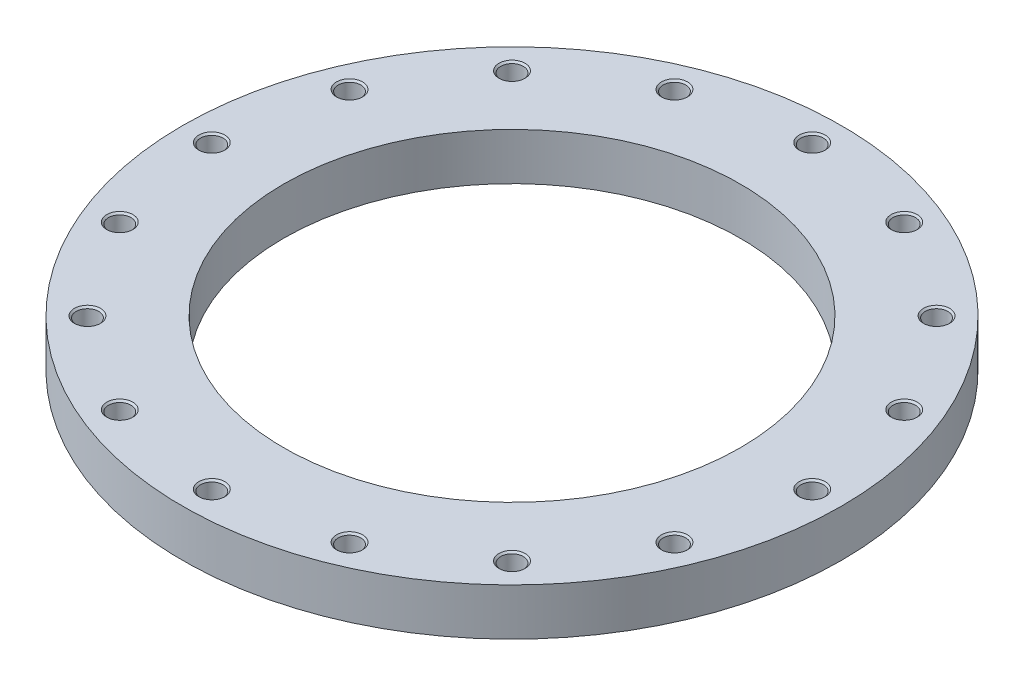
ISO-10303-21;
HEADER;
FILE_DESCRIPTION(('STEP AP214'),'2;1');
FILE_NAME('part.step','',(''),(''),'','','');
FILE_SCHEMA(('AUTOMOTIVE_DESIGN { 1 0 10303 214 1 1 1 1 }'));
ENDSEC;
DATA;
#1=APPLICATION_CONTEXT('core data for automotive mechanical design processes');
#2=APPLICATION_PROTOCOL_DEFINITION('international standard','automotive_design',2000,#1);
#3=PRODUCT_CONTEXT('',#1,'mechanical');
#4=PRODUCT('Part','Part','',(#3));
#5=PRODUCT_RELATED_PRODUCT_CATEGORY('part','',(#4));
#6=PRODUCT_DEFINITION_FORMATION('','',#4);
#7=PRODUCT_DEFINITION_CONTEXT('part definition',#1,'design');
#8=PRODUCT_DEFINITION('design','',#6,#7);
#9=PRODUCT_DEFINITION_SHAPE('','',#8);
#10=(LENGTH_UNIT() NAMED_UNIT(*) SI_UNIT(.MILLI.,.METRE.));
#11=(NAMED_UNIT(*) PLANE_ANGLE_UNIT() SI_UNIT($,.RADIAN.));
#12=(NAMED_UNIT(*) SI_UNIT($,.STERADIAN.) SOLID_ANGLE_UNIT());
#13=UNCERTAINTY_MEASURE_WITH_UNIT(LENGTH_MEASURE(1.E-05),#10,'distance_accuracy_value','');
#14=(GEOMETRIC_REPRESENTATION_CONTEXT(3) GLOBAL_UNCERTAINTY_ASSIGNED_CONTEXT((#13)) GLOBAL_UNIT_ASSIGNED_CONTEXT((#10,
#11,#12)) REPRESENTATION_CONTEXT('',''));
#15=CARTESIAN_POINT('',(0.,0.,0.));
#16=DIRECTION('',(0.,0.,1.));
#17=DIRECTION('',(1.,0.,0.));
#18=AXIS2_PLACEMENT_3D('',#15,#16,#17);
#19=CARTESIAN_POINT('',(0.,18.,0.));
#20=DIRECTION('',(0.,-1.,0.));
#21=DIRECTION('',(1.,0.,0.));
#22=AXIS2_PLACEMENT_3D('',#19,#20,#21);
#23=CYLINDRICAL_SURFACE('',#22,252.5);
#24=CARTESIAN_POINT('',(0.,0.,0.));
#25=DIRECTION('',(0.,1.,0.));
#26=DIRECTION('',(1.,0.,0.));
#27=AXIS2_PLACEMENT_3D('',#24,#25,#26);
#28=CIRCLE('',#27,252.5);
#29=CARTESIAN_POINT('',(252.5,0.,0.));
#30=VERTEX_POINT('',#29);
#31=EDGE_CURVE('E9',#30,#30,#28,.T.);
#32=ORIENTED_EDGE('',*,*,#31,.T.);
#33=EDGE_LOOP('',(#32));
#34=FACE_BOUND('',#33,.T.);
#35=CARTESIAN_POINT('',(0.,36.,0.));
#36=DIRECTION('',(0.,1.,0.));
#37=DIRECTION('',(1.,0.,0.));
#38=AXIS2_PLACEMENT_3D('',#35,#36,#37);
#39=CIRCLE('',#38,252.5);
#40=CARTESIAN_POINT('',(252.5,36.,0.));
#41=VERTEX_POINT('',#40);
#42=EDGE_CURVE('E430',#41,#41,#39,.T.);
#43=ORIENTED_EDGE('',*,*,#42,.F.);
#44=EDGE_LOOP('',(#43));
#45=FACE_BOUND('',#44,.T.);
#46=ADVANCED_FACE('F15',(#34,#45),#23,.T.);
#47=CARTESIAN_POINT('',(213.75,0.,0.));
#48=DIRECTION('',(0.,-1.,0.));
#49=DIRECTION('',(-1.,0.,0.));
#50=AXIS2_PLACEMENT_3D('',#47,#48,#49);
#51=PLANE('',#50);
#52=CARTESIAN_POINT('',(0.,0.,0.));
#53=DIRECTION('',(0.,1.,0.));
#54=DIRECTION('',(1.,0.,0.));
#55=AXIS2_PLACEMENT_3D('',#52,#53,#54);
#56=CIRCLE('',#55,175.);
#57=CARTESIAN_POINT('',(175.,0.,0.));
#58=VERTEX_POINT('',#57);
#59=EDGE_CURVE('E22',#58,#58,#56,.T.);
#60=ORIENTED_EDGE('',*,*,#59,.T.);
#61=EDGE_LOOP('',(#60));
#62=FACE_BOUND('',#61,.T.);
#63=ORIENTED_EDGE('',*,*,#31,.F.);
#64=EDGE_LOOP('',(#63));
#65=FACE_BOUND('',#64,.T.);
#66=ADVANCED_FACE('F478',(#62,#65),#51,.T.);
#67=CARTESIAN_POINT('',(0.,18.,0.));
#68=DIRECTION('',(0.,-1.,0.));
#69=DIRECTION('',(1.,0.,0.));
#70=AXIS2_PLACEMENT_3D('',#67,#68,#69);
#71=CYLINDRICAL_SURFACE('',#70,175.);
#72=CARTESIAN_POINT('',(0.,36.,0.));
#73=DIRECTION('',(0.,1.,0.));
#74=DIRECTION('',(1.,0.,0.));
#75=AXIS2_PLACEMENT_3D('',#72,#73,#74);
#76=CIRCLE('',#75,175.);
#77=CARTESIAN_POINT('',(175.,36.,0.));
#78=VERTEX_POINT('',#77);
#79=EDGE_CURVE('E379',#78,#78,#76,.T.);
#80=ORIENTED_EDGE('',*,*,#79,.T.);
#81=EDGE_LOOP('',(#80));
#82=FACE_BOUND('',#81,.T.);
#83=ORIENTED_EDGE('',*,*,#59,.F.);
#84=EDGE_LOOP('',(#83));
#85=FACE_BOUND('',#84,.T.);
#86=ADVANCED_FACE('F483',(#82,#85),#71,.F.);
#87=CARTESIAN_POINT('',(213.75,36.,0.));
#88=DIRECTION('',(0.,1.,0.));
#89=DIRECTION('',(1.,0.,0.));
#90=AXIS2_PLACEMENT_3D('',#87,#88,#89);
#91=PLANE('',#90);
#92=ORIENTED_EDGE('',*,*,#42,.T.);
#93=EDGE_LOOP('',(#92));
#94=FACE_BOUND('',#93,.T.);
#95=ORIENTED_EDGE('',*,*,#79,.F.);
#96=EDGE_LOOP('',(#95));
#97=FACE_BOUND('',#96,.T.);
#98=CARTESIAN_POINT('',(230.,36.,0.));
#99=DIRECTION('',(0.,-1.,0.));
#100=DIRECTION('',(1.,0.,0.));
#101=AXIS2_PLACEMENT_3D('',#98,#99,#100);
#102=CIRCLE('',#101,10.);
#103=CARTESIAN_POINT('',(240.,36.,0.));
#104=VERTEX_POINT('',#103);
#105=EDGE_CURVE('E470',#104,#104,#102,.T.);
#106=ORIENTED_EDGE('',*,*,#105,.T.);
#107=EDGE_LOOP('',(#106));
#108=FACE_BOUND('',#107,.T.);
#109=CARTESIAN_POINT('',(212.492292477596,36.,-88.0171894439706));
#110=DIRECTION('',(0.,-1.,0.));
#111=DIRECTION('',(0.923879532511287,0.,-0.38268343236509));
#112=AXIS2_PLACEMENT_3D('',#109,#110,#111);
#113=CIRCLE('',#112,10.);
#114=CARTESIAN_POINT('',(221.731087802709,36.,-91.8440237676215));
#115=VERTEX_POINT('',#114);
#116=EDGE_CURVE('E440',#115,#115,#113,.T.);
#117=ORIENTED_EDGE('',*,*,#116,.T.);
#118=EDGE_LOOP('',(#117));
#119=FACE_BOUND('',#118,.T.);
#120=CARTESIAN_POINT('',(162.634559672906,36.,-162.634559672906));
#121=DIRECTION('',(0.,-1.,0.));
#122=DIRECTION('',(0.707106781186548,0.,-0.707106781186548));
#123=AXIS2_PLACEMENT_3D('',#120,#121,#122);
#124=CIRCLE('',#123,10.);
#125=CARTESIAN_POINT('',(169.705627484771,36.,-169.705627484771));
#126=VERTEX_POINT('',#125);
#127=EDGE_CURVE('E458',#126,#126,#124,.T.);
#128=ORIENTED_EDGE('',*,*,#127,.T.);
#129=EDGE_LOOP('',(#128));
#130=FACE_BOUND('',#129,.T.);
#131=CARTESIAN_POINT('',(88.0171894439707,36.,-212.492292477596));
#132=DIRECTION('',(0.,-1.,0.));
#133=DIRECTION('',(0.38268343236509,0.,-0.923879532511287));
#134=AXIS2_PLACEMENT_3D('',#131,#132,#133);
#135=CIRCLE('',#134,10.);
#136=CARTESIAN_POINT('',(91.8440237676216,36.,-221.731087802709));
#137=VERTEX_POINT('',#136);
#138=EDGE_CURVE('E415',#137,#137,#135,.T.);
#139=ORIENTED_EDGE('',*,*,#138,.T.);
#140=EDGE_LOOP('',(#139));
#141=FACE_BOUND('',#140,.T.);
#142=CARTESIAN_POINT('',(0.,36.,-230.));
#143=DIRECTION('',(0.,-1.,0.));
#144=DIRECTION('',(0.,0.,-1.));
#145=AXIS2_PLACEMENT_3D('',#142,#143,#144);
#146=CIRCLE('',#145,10.);
#147=CARTESIAN_POINT('',(0.,36.,-240.));
#148=VERTEX_POINT('',#147);
#149=EDGE_CURVE('E443',#148,#148,#146,.T.);
#150=ORIENTED_EDGE('',*,*,#149,.T.);
#151=EDGE_LOOP('',(#150));
#152=FACE_BOUND('',#151,.T.);
#153=CARTESIAN_POINT('',(-88.0171894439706,36.,-212.492292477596));
#154=DIRECTION('',(0.,-1.,0.));
#155=DIRECTION('',(-0.38268343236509,0.,-0.923879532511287));
#156=AXIS2_PLACEMENT_3D('',#153,#154,#155);
#157=CIRCLE('',#156,10.);
#158=CARTESIAN_POINT('',(-91.8440237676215,36.,-221.731087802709));
#159=VERTEX_POINT('',#158);
#160=EDGE_CURVE('E422',#159,#159,#157,.T.);
#161=ORIENTED_EDGE('',*,*,#160,.T.);
#162=EDGE_LOOP('',(#161));
#163=FACE_BOUND('',#162,.T.);
#164=CARTESIAN_POINT('',(-162.634559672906,36.,-162.634559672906));
#165=DIRECTION('',(0.,-1.,0.));
#166=DIRECTION('',(-0.707106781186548,0.,-0.707106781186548));
#167=AXIS2_PLACEMENT_3D('',#164,#165,#166);
#168=CIRCLE('',#167,10.);
#169=CARTESIAN_POINT('',(-169.705627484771,36.,-169.705627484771));
#170=VERTEX_POINT('',#169);
#171=EDGE_CURVE('E411',#170,#170,#168,.T.);
#172=ORIENTED_EDGE('',*,*,#171,.T.);
#173=EDGE_LOOP('',(#172));
#174=FACE_BOUND('',#173,.T.);
#175=CARTESIAN_POINT('',(-212.492292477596,36.,-88.0171894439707));
#176=DIRECTION('',(0.,-1.,0.));
#177=DIRECTION('',(-0.923879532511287,0.,-0.38268343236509));
#178=AXIS2_PLACEMENT_3D('',#175,#176,#177);
#179=CIRCLE('',#178,10.);
#180=CARTESIAN_POINT('',(-221.731087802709,36.,-91.8440237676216));
#181=VERTEX_POINT('',#180);
#182=EDGE_CURVE('E400',#181,#181,#179,.T.);
#183=ORIENTED_EDGE('',*,*,#182,.T.);
#184=EDGE_LOOP('',(#183));
#185=FACE_BOUND('',#184,.T.);
#186=CARTESIAN_POINT('',(-230.,36.,0.));
#187=DIRECTION('',(0.,-1.,0.));
#188=DIRECTION('',(-1.,0.,0.));
#189=AXIS2_PLACEMENT_3D('',#186,#187,#188);
#190=CIRCLE('',#189,10.);
#191=CARTESIAN_POINT('',(-240.,36.,0.));
#192=VERTEX_POINT('',#191);
#193=EDGE_CURVE('E389',#192,#192,#190,.T.);
#194=ORIENTED_EDGE('',*,*,#193,.T.);
#195=EDGE_LOOP('',(#194));
#196=FACE_BOUND('',#195,.T.);
#197=CARTESIAN_POINT('',(-212.492292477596,36.,88.0171894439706));
#198=DIRECTION('',(0.,-1.,0.));
#199=DIRECTION('',(-0.923879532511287,0.,0.38268343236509));
#200=AXIS2_PLACEMENT_3D('',#197,#198,#199);
#201=CIRCLE('',#200,10.);
#202=CARTESIAN_POINT('',(-221.731087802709,36.,91.8440237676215));
#203=VERTEX_POINT('',#202);
#204=EDGE_CURVE('E905',#203,#203,#201,.T.);
#205=ORIENTED_EDGE('',*,*,#204,.T.);
#206=EDGE_LOOP('',(#205));
#207=FACE_BOUND('',#206,.T.);
#208=CARTESIAN_POINT('',(-162.634559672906,36.,162.634559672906));
#209=DIRECTION('',(0.,-1.,0.));
#210=DIRECTION('',(-0.707106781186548,0.,0.707106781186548));
#211=AXIS2_PLACEMENT_3D('',#208,#209,#210);
#212=CIRCLE('',#211,10.);
#213=CARTESIAN_POINT('',(-169.705627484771,36.,169.705627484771));
#214=VERTEX_POINT('',#213);
#215=EDGE_CURVE('E961',#214,#214,#212,.T.);
#216=ORIENTED_EDGE('',*,*,#215,.T.);
#217=EDGE_LOOP('',(#216));
#218=FACE_BOUND('',#217,.T.);
#219=CARTESIAN_POINT('',(-88.0171894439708,36.,212.492292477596));
#220=DIRECTION('',(0.,-1.,0.));
#221=DIRECTION('',(-0.382683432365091,0.,0.923879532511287));
#222=AXIS2_PLACEMENT_3D('',#219,#220,#221);
#223=CIRCLE('',#222,10.);
#224=CARTESIAN_POINT('',(-91.8440237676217,36.,221.731087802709));
#225=VERTEX_POINT('',#224);
#226=EDGE_CURVE('E946',#225,#225,#223,.T.);
#227=ORIENTED_EDGE('',*,*,#226,.T.);
#228=EDGE_LOOP('',(#227));
#229=FACE_BOUND('',#228,.T.);
#230=CARTESIAN_POINT('',(0.,36.,230.));
#231=DIRECTION('',(0.,-1.,0.));
#232=DIRECTION('',(0.,0.,1.));
#233=AXIS2_PLACEMENT_3D('',#230,#231,#232);
#234=CIRCLE('',#233,10.);
#235=CARTESIAN_POINT('',(0.,36.,240.));
#236=VERTEX_POINT('',#235);
#237=EDGE_CURVE('E932',#236,#236,#234,.T.);
#238=ORIENTED_EDGE('',*,*,#237,.T.);
#239=EDGE_LOOP('',(#238));
#240=FACE_BOUND('',#239,.T.);
#241=CARTESIAN_POINT('',(88.0171894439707,36.,212.492292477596));
#242=DIRECTION('',(0.,-1.,0.));
#243=DIRECTION('',(0.38268343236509,0.,0.923879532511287));
#244=AXIS2_PLACEMENT_3D('',#241,#242,#243);
#245=CIRCLE('',#244,10.);
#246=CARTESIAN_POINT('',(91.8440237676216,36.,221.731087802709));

## Work task
Begin at the first line of the entries and stop after the line holding "#3=PRODUCT_CONTEXT('',#1,'mechanical');"; repeat those lines exactly, but not the pictures.

## Response below
ISO-10303-21;
HEADER;
FILE_DESCRIPTION(('STEP AP214'),'2;1');
FILE_NAME('part.step','',(''),(''),'','','');
FILE_SCHEMA(('AUTOMOTIVE_DESIGN { 1 0 10303 214 1 1 1 1 }'));
ENDSEC;
DATA;
#1=APPLICATION_CONTEXT('core data for automotive mechanical design processes');
#2=APPLICATION_PROTOCOL_DEFINITION('international standard','automotive_design',2000,#1);
#3=PRODUCT_CONTEXT('',#1,'mechanical');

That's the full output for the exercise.